# EXERCISE REQUIREMENTS
Only a slice of the listing below is wanted. Retype the lines from the one containing "Bus F/1 -> F'/1" through the one containing "Power/1(P) -> P/1", exactly, both ends included.

# DATA EXTRACT
--- START ---

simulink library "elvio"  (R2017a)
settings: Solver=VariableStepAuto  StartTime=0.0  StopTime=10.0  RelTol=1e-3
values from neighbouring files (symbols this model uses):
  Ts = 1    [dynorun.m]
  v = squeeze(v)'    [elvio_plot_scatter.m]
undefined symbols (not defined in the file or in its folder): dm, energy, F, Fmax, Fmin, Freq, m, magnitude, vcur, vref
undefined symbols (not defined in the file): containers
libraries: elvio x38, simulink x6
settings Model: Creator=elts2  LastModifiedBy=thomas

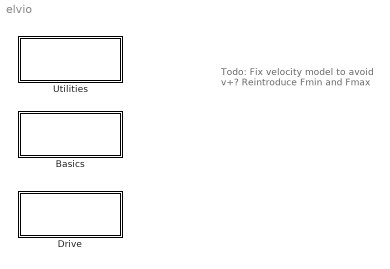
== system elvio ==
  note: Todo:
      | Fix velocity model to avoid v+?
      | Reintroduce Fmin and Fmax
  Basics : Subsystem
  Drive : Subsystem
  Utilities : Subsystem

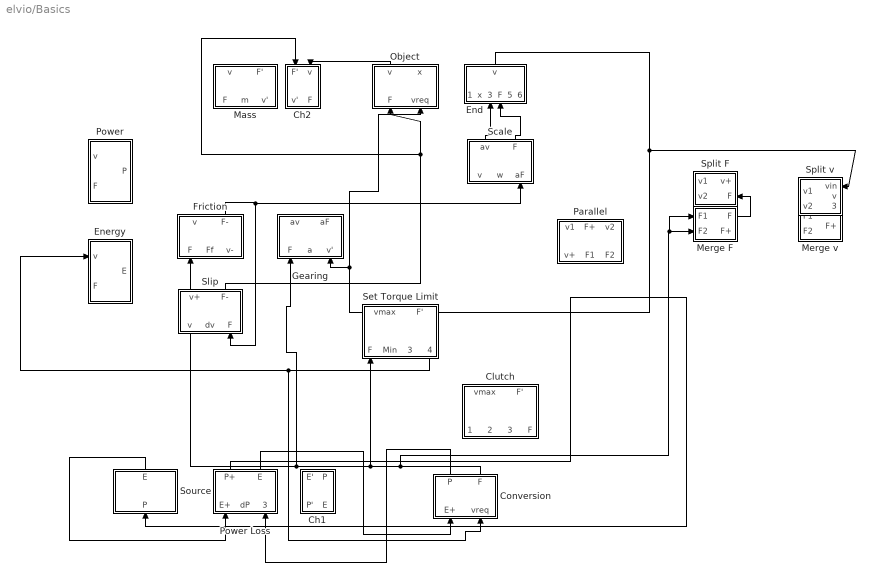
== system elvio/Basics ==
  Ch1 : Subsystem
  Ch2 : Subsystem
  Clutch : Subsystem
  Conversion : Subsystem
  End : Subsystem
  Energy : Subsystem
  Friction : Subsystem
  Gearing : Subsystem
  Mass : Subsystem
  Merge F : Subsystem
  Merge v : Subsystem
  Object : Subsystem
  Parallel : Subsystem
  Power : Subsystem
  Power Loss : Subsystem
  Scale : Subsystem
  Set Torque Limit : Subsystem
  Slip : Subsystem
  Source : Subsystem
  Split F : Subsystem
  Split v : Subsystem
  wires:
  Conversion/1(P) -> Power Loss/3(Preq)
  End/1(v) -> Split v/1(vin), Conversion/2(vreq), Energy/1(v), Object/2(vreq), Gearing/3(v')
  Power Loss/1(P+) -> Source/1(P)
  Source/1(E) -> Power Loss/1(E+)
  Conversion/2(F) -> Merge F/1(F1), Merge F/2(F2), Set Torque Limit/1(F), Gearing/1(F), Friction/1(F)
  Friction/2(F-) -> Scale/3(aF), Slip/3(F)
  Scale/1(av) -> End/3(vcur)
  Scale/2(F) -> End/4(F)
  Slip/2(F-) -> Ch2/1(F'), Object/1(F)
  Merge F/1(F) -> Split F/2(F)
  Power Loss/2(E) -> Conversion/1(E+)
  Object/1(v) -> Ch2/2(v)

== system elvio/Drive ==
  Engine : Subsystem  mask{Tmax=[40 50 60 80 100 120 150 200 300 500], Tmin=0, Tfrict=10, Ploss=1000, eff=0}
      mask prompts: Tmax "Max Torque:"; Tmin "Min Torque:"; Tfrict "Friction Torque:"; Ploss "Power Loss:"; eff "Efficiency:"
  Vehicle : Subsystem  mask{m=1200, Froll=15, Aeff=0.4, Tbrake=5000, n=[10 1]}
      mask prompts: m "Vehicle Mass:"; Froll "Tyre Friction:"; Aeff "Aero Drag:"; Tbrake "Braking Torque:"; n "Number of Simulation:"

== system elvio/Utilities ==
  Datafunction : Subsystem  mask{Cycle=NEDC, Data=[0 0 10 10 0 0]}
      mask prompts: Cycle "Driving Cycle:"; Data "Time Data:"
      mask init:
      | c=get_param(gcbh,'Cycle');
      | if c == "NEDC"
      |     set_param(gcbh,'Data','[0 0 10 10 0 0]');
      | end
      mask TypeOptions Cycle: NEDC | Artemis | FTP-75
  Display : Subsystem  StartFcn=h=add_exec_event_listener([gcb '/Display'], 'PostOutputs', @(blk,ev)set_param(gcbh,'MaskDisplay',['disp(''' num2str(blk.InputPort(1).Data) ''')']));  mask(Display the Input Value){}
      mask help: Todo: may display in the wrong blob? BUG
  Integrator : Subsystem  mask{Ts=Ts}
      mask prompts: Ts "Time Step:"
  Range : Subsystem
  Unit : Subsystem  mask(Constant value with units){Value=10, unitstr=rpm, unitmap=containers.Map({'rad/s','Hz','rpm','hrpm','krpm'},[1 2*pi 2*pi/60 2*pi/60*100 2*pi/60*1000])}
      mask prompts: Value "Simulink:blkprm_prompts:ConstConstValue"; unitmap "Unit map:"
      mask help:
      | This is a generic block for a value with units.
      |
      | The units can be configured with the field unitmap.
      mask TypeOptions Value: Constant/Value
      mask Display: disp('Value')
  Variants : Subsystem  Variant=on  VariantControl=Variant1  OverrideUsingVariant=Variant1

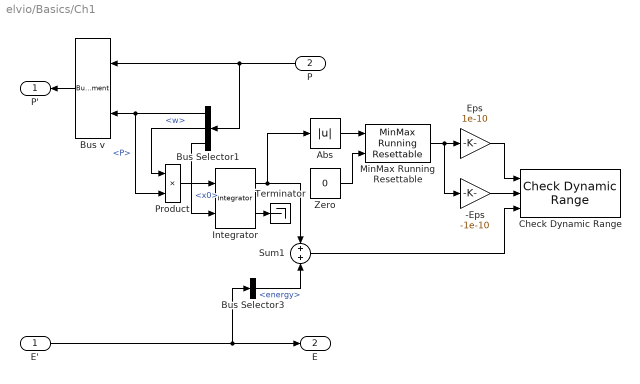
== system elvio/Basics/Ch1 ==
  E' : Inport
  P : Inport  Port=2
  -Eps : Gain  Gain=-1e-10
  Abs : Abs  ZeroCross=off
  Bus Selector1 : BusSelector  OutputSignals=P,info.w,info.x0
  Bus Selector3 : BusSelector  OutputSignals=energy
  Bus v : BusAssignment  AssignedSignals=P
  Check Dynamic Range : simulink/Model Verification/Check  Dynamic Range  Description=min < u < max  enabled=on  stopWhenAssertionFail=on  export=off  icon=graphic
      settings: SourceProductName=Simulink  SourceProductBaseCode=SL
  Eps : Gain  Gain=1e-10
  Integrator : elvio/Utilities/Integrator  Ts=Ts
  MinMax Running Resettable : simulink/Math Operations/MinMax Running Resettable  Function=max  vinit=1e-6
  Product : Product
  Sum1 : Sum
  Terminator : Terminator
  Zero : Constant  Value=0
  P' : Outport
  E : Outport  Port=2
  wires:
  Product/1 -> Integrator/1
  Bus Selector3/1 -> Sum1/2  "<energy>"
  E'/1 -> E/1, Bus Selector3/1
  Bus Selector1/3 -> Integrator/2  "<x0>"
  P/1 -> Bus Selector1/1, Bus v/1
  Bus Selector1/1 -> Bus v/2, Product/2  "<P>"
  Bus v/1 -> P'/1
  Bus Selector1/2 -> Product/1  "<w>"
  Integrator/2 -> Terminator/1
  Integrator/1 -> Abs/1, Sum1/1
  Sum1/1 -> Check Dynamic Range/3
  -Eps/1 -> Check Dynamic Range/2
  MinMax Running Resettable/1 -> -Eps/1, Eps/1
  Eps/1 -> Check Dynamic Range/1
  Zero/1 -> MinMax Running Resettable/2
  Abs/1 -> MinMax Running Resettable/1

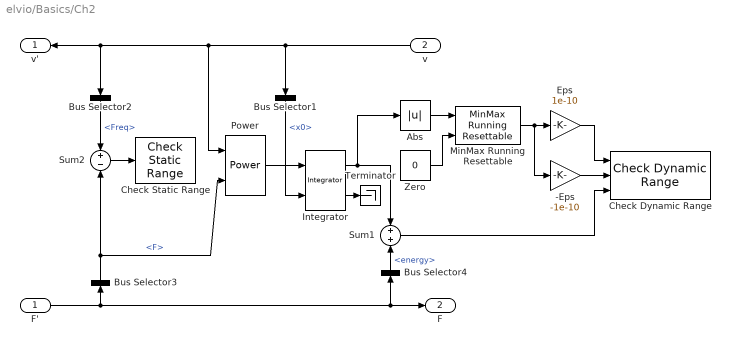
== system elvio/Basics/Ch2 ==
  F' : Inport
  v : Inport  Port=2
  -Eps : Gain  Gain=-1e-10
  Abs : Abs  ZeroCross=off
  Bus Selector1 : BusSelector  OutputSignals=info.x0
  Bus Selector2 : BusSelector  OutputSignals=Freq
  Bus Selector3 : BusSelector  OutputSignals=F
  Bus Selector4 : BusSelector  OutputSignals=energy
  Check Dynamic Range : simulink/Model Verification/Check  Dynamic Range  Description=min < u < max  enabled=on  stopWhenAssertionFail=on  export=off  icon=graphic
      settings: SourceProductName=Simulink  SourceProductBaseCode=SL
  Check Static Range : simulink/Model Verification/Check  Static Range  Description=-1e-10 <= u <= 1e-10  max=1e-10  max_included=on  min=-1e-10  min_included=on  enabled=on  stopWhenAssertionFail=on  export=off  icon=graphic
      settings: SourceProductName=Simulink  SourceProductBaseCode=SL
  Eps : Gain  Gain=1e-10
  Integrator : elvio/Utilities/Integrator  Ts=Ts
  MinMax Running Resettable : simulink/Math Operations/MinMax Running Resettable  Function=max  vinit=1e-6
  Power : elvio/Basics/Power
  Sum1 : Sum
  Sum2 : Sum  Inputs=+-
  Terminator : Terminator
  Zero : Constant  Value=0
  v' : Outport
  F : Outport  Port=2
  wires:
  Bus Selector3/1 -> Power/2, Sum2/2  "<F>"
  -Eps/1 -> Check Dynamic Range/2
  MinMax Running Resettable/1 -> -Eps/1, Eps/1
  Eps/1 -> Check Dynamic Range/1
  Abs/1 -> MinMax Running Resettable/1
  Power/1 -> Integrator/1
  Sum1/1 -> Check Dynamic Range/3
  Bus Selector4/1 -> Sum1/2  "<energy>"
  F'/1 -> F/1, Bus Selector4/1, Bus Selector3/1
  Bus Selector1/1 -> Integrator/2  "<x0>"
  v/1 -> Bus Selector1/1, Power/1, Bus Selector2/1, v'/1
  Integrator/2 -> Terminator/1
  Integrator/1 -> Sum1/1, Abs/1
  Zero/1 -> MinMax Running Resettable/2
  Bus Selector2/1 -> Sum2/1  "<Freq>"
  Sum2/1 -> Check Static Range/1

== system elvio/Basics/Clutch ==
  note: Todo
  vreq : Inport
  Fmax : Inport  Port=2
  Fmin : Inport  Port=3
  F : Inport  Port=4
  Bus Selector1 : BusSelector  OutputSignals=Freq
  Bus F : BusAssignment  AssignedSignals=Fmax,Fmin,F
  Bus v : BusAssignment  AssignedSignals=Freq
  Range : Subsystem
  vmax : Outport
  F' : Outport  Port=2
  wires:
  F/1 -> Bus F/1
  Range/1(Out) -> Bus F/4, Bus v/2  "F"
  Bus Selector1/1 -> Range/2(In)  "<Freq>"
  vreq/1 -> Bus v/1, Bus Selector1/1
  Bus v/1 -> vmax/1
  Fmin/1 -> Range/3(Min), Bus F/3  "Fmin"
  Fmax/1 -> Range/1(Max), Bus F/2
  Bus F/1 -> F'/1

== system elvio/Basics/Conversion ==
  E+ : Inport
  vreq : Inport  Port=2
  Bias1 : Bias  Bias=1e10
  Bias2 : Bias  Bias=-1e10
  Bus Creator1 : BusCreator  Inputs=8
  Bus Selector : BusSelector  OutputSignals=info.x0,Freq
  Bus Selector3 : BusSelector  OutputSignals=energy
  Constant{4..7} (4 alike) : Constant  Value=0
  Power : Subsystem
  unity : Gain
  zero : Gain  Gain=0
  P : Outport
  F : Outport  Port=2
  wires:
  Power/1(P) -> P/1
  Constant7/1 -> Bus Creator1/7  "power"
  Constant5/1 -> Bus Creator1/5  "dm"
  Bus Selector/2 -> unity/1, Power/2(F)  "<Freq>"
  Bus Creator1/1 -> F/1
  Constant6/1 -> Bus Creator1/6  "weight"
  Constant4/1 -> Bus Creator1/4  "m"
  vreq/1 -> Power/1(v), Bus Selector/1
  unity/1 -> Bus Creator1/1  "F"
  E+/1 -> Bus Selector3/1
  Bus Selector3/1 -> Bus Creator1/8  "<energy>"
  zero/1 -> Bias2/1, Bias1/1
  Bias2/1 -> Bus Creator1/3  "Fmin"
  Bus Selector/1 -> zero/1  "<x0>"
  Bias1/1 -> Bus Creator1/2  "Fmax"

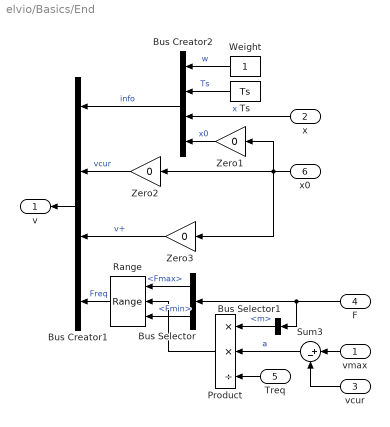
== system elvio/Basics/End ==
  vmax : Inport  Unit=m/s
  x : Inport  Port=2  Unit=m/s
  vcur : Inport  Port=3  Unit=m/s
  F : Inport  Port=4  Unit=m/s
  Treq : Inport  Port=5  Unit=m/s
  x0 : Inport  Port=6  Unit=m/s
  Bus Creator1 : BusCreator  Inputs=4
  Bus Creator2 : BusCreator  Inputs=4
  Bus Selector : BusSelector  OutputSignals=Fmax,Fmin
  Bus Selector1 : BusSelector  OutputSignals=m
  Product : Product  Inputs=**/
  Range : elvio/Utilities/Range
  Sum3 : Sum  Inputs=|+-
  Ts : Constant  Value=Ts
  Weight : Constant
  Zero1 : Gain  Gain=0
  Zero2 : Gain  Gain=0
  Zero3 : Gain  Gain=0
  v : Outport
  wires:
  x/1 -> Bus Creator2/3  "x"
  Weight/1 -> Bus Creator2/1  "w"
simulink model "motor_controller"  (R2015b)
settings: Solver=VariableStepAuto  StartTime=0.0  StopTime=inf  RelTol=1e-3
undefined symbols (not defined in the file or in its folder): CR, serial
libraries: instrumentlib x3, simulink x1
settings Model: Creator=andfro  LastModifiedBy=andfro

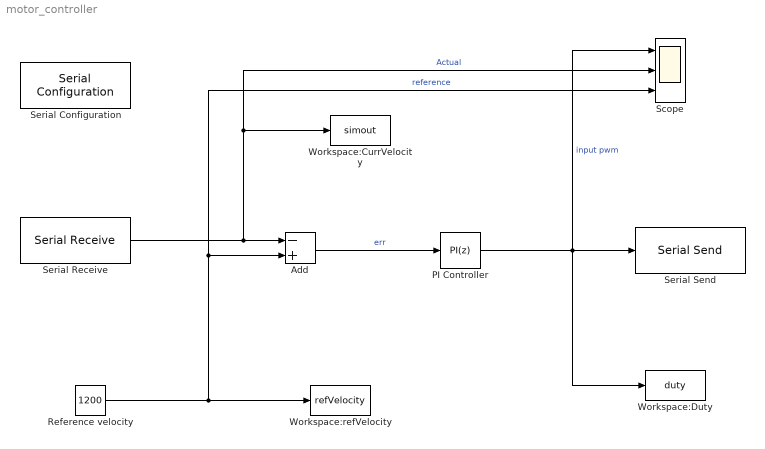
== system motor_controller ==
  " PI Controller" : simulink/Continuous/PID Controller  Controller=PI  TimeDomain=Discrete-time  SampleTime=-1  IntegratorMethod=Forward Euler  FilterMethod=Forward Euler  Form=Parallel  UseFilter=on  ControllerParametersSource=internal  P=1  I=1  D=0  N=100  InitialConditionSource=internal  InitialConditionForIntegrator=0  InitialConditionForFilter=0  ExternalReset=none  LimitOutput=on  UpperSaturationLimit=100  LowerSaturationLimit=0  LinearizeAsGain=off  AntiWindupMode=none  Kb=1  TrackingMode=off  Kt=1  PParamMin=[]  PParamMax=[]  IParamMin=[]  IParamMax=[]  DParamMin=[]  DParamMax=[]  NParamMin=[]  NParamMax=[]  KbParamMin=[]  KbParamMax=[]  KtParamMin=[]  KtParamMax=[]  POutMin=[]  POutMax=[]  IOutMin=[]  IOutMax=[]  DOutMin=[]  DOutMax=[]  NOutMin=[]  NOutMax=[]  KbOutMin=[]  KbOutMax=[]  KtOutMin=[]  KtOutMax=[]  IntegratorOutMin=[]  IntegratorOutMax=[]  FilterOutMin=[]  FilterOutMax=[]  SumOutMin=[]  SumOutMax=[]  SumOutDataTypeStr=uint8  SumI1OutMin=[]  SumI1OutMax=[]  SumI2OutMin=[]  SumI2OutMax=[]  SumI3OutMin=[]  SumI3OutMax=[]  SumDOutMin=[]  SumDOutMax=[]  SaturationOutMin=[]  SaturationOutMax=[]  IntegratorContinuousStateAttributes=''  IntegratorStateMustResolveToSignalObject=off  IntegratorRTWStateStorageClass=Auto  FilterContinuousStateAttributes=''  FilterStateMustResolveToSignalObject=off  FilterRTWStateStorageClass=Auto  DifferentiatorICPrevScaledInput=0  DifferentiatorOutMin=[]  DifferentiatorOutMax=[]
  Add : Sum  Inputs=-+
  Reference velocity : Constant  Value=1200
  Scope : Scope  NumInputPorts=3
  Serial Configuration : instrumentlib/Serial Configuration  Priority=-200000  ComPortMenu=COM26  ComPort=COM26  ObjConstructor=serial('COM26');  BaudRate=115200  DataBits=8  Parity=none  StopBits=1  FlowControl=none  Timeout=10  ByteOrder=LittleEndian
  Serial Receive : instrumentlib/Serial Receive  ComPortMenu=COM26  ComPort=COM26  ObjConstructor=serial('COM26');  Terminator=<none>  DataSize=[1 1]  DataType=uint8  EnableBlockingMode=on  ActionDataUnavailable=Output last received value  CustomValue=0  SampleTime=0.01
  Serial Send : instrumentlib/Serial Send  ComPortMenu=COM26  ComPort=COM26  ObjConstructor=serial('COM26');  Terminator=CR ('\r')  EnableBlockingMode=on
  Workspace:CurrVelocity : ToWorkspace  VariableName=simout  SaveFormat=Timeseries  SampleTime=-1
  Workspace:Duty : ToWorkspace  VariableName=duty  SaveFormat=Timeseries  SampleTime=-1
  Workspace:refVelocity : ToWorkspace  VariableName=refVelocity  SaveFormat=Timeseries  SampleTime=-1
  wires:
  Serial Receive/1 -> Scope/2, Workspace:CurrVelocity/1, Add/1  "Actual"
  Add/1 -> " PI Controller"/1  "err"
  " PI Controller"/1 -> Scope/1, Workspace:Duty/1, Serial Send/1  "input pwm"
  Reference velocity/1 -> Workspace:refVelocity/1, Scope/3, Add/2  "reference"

--- END ---

# ANSWER TO THIS PROBLEM
  Bus F/1 -> F'/1

== system elvio/Basics/Conversion ==
  E+ : Inport
  vreq : Inport  Port=2
  Bias1 : Bias  Bias=1e10
  Bias2 : Bias  Bias=-1e10
  Bus Creator1 : BusCreator  Inputs=8
  Bus Selector : BusSelector  OutputSignals=info.x0,Freq
  Bus Selector3 : BusSelector  OutputSignals=energy
  Constant{4..7} (4 alike) : Constant  Value=0
  Power : Subsystem
  unity : Gain
  zero : Gain  Gain=0
  P : Outport
  F : Outport  Port=2
  wires:
  Power/1(P) -> P/1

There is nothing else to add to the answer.